Consumers Want Offline Experiences—More Than You Think
Despite the surge in AI adoption, consumers want more in-person experiences, not fewer. And this is where the paradox gets even more interesting.
In 2026, many consumers will seek out tactile, analog, and IRL interactions as a counterweight to digital overload. Brands are already pivoting: Starbucks is rethinking store formats. Coach is opening global coffee shops. TikTok is helping college students meet in real life.
The opportunity here is simple: if digital channels create fatigue, real-world experiences create differentiation.
In a world of endless scrolling, attention is scarce. But a memorable in-person experience—something you can taste, touch, feel, or share—cuts through the noise.
The BNPL Dilemma (that’s Buy Now Pay Later)
Buy now, pay later usage is skyrocketing among recent graduates, with some payment processors reporting usage near the 45% mark.
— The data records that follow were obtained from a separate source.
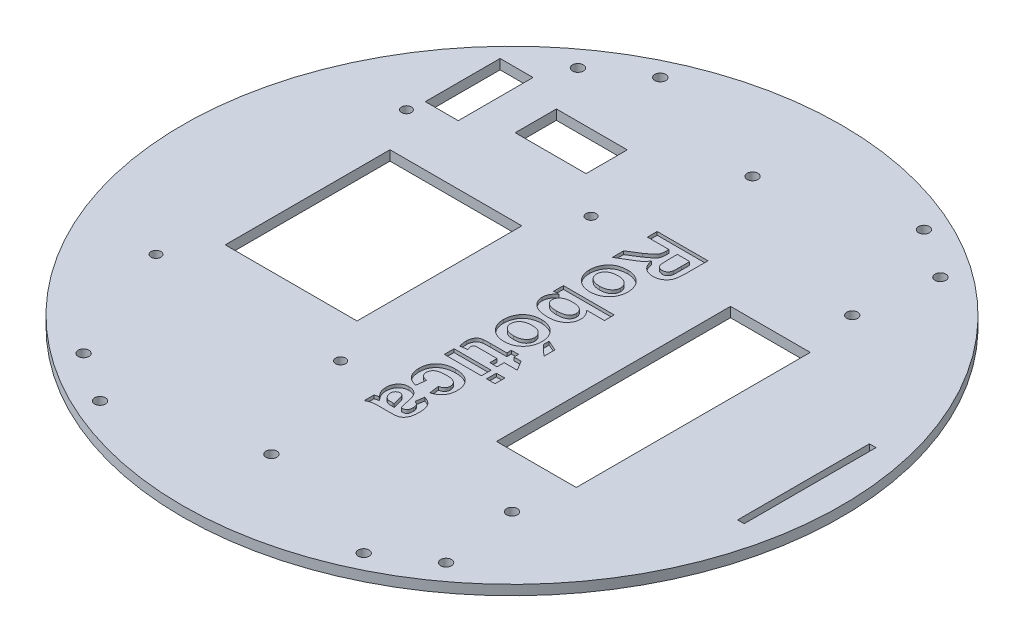
SolidWorks part; units mm, degrees
ref_plane "Alzado" through (0, 0, 0) normal (0, 0, 1) x (1, 0, 0)
ref_plane "Planta" through (0, 0, 0) normal (0, 1, 0) x (1, 0, 0)
ref_plane "Vista lateral" through (0, 0, 0) normal (1, 0, 0) x (0, 0, -1)
sketch "Croquis1" plane through (0, 0, 0) normal (0, 1, 0) x (1, 0, 0)
  line L0 (0, 71.35) -> (0, -71.35) construction
  line L5 (0, 0) -> (54.5026, 0) construction
  line L7 (30.8, 35.5) -> (55, 35.5)
  line L8 (30.8, 35.5) -> (30.8, -35.5)
  line L9 (30.8, -35.5) -> (55, -35.5)
  line L10 (55, 35.5) -> (55, -35.5)
  line L12 (-69.2993, 65.6851) -> (-59.2993, 65.6851)
  line L13 (-69.2993, 65.6851) -> (-69.2993, 42.9851)
  line L14 (-69.2993, 42.9851) -> (-59.2993, 42.9851)
  line L15 (-59.2993, 65.6851) -> (-59.2993, 42.9851)
  line L17 (-72.0203, 40) -> (-12.0203, 40) construction
  line L18 (-72.0203, 40) -> (-72.0203, -40) construction
  line L19 (-72.0203, -40) -> (-12.0203, -40) construction
  line L20 (-12.0203, 40) -> (-12.0203, -40) construction
  line L22 (-47.4922, 60.9632) -> (-25.9922, 60.9632)
  line L23 (-47.4922, 60.9632) -> (-47.4922, 48.4632)
  line L24 (-47.4922, 48.4632) -> (-25.9922, 48.4632)
  line L25 (-25.9922, 60.9632) -> (-25.9922, 48.4632)
  line L27 (-7, -66) -> (7, -66) construction
  line L28 (-7, -66) -> (-7, -97) construction
  line L29 (-7, -97) -> (7, -97) construction
  line L30 (7, -66) -> (7, -97) construction
  line L31 (41.7193, -51.6188) -> (51.6188, -41.7193) construction
  line L32 (41.7193, -51.6188) -> (63.6396, -73.5391) construction
  line L33 (63.6396, -73.5391) -> (73.5391, -63.6396) construction
  line L34 (51.6188, -41.7193) -> (73.5391, -63.6396) construction
  line L35 (66, -7) -> (66, 7) construction
  line L36 (66, -7) -> (97, -7) construction
  line L37 (97, -7) -> (97, 7) construction
  line L38 (66, 7) -> (97, 7) construction
  line L39 (51.6188, 41.7193) -> (41.7193, 51.6188) construction
  line L40 (51.6188, 41.7193) -> (73.5391, 63.6396) construction
  line L41 (73.5391, 63.6396) -> (63.6396, 73.5391) construction
  line L42 (41.7193, 51.6188) -> (63.6396, 73.5391) construction
  line L43 (7, 66) -> (-7, 66) construction
  line L44 (7, 66) -> (7, 97) construction
  line L45 (7, 97) -> (-7, 97) construction
  line L46 (-7, 66) -> (-7, 97) construction
  line L47 (0, 0) -> (-45.7335, 0) construction
  line L49 (-62.0203, 25) -> (-22.0203, 25)
  line L50 (-62.0203, 25) -> (-62.0203, -25)
  line L51 (-62.0203, -25) -> (-22.0203, -25)
  line L52 (-22.0203, 25) -> (-22.0203, -25)
  line L53 (88, 20.4593) -> (90, 20.4593)
  line L54 (88, 20.4593) -> (88, -19.5407)
  line L55 (88, -19.5407) -> (90, -19.5407)
  line L56 (90, 20.4593) -> (90, -19.5407)
  circle A6 centre (55, 75) radius 1.65
  circle A8 centre (55, -75) radius 1.65
  circle A10 centre (0, -73) radius 1.65
  circle A11 centre (51.6188, -51.6188) radius 1.65
  circle A13 centre (51.6188, 51.6188) radius 1.65
  circle A14 centre (0, 73) radius 1.65
  circle A15 centre (40, -85) radius 1.65
  circle A16 centre (40, 85) radius 1.65
  circle A19 centre (0, 0) radius 100
  circle A20 centre (73, 0) radius 1.65 [skipped]
  circle A21 centre (-70.0203, 38) radius 1.5
  circle A22 centre (-14.0203, 38) radius 1.5
  circle A23 centre (-14.0203, -38) radius 1.5
  circle A24 centre (-70.0203, -38) radius 1.5
  circle A25 centre (-40, -85) radius 1.65
  circle A26 centre (-55, -75) radius 1.65
  circle A27 centre (-55, 75) radius 1.65
  circle A28 centre (-40, 85) radius 1.65
  point P17 (0, 0)
  point P72 (0, 0)
  dimension "D10" = 200
  dimension "D14" = 3.3
  dimension "D3" = 3.3
  dimension "D7" = 3.3
  dimension "D27" = 3
  dimension "D28" = 3
  dimension "D2" = 73
  dimension "D4" = 5
  dimension "D5" = 75
  dimension "D6" = 55
  dimension "D8" = 40
  dimension "D9" = 85
  dimension "D11" = 71
  dimension "D12" = 24.2
  dimension "D13" = 35.5
  dimension "D15" = 22.7
  dimension "D16" = 10
  dimension "D17" = 80
  dimension "D18" = 60
  dimension "D19" = 40
  dimension "D20" = 21.5
  dimension "D21" = 12.5
  dimension "D22" = 14
  dimension "D23" = 7
  dimension "D24" = 31
  dimension "D25" = 7
  dimension "D29" = 2
  dimension "D30" = 2
  dimension "D31" = 2
  dimension "D32" = 2
  dimension "D33" = 50
  dimension "D34" = 40
  dimension "D35" = 10
  dimension "D36" = 40
  dimension "D37" = 2
  dimension "D38" = 90
  dimension "D26" = 5
extrude "Saliente-Extruir1" add sketch "Croquis1" along normal blind 3
sketch "Croquis2" plane through (0, 3, 0) normal (0, 1, 0) x (1, 0, 0)
  line L0 (0, 50) -> (0, -50) construction
  text T0 "Robótica" height in points 60
  point P3 (0, 0)
  dimension "D1" = 100
  dimension "D2" = 50
extrude "Cortar-Extruir1" cut sketch "Croquis2" against normal blind 1

This is another indicator of the “wealth poor, income okay” generation. Debt aversion pushes them away from traditional credit cards, while BNPL feels transparent and convenient.
The question is what happens next.
BNPL companies have improved their risk models, but the structural tension remains: a generation spending on experiences without building assets has limited safety nets. Whether this turns into a macro problem remains unclear, but the trend deserves attention from brands, banks, and policymakers alike.
The New AI Monetization Landscape
As AI use cases expand, so do monetization strategies. Consumers will pay directly (via premium plans) or indirectly (via sponsored results, affiliate pathways, and AI-enabled shopping). But unlike traditional digital advertising, the influence path will be conversational rather than visual.
Brands must feed accurate data into AI models, rethink attribution, and develop new measures of visibility that go beyond clicks and impressions.
The next era of marketing isn’t about reach—it’s about relevance inside personalized AI conversations that consumers see as trusted.
What Leaders Should Take Away
When I asked Chee-Read what I overlooked, she made an important point: sometimes the predictions that feel surprising on the surface make the most sense once you understand the cultural shifts behind them. AI glasses may sound like a 2014 idea, but in 2026 the timing is right—technology, consumer desire, and brand investment are finally aligned.
Chatterjee added that we covered the big themes but hinted at a broader truth: this is an era of contradictions. Consumers are lonely but connection-seeking. They want offline experiences and digital convenience. They embrace AI while fearing its impact. They’re spending freely and feeling anxious.
Brands that win in this environment will be those that embrace the contradictions rather than fight them. They’ll design experiences that feel human, even when powered by AI. They’ll create value in the real world, not just on screens. And they’ll recognize that consumers aren’t looking for products—they’re looking for meaning.
That’s the great consumer reboot of 2026.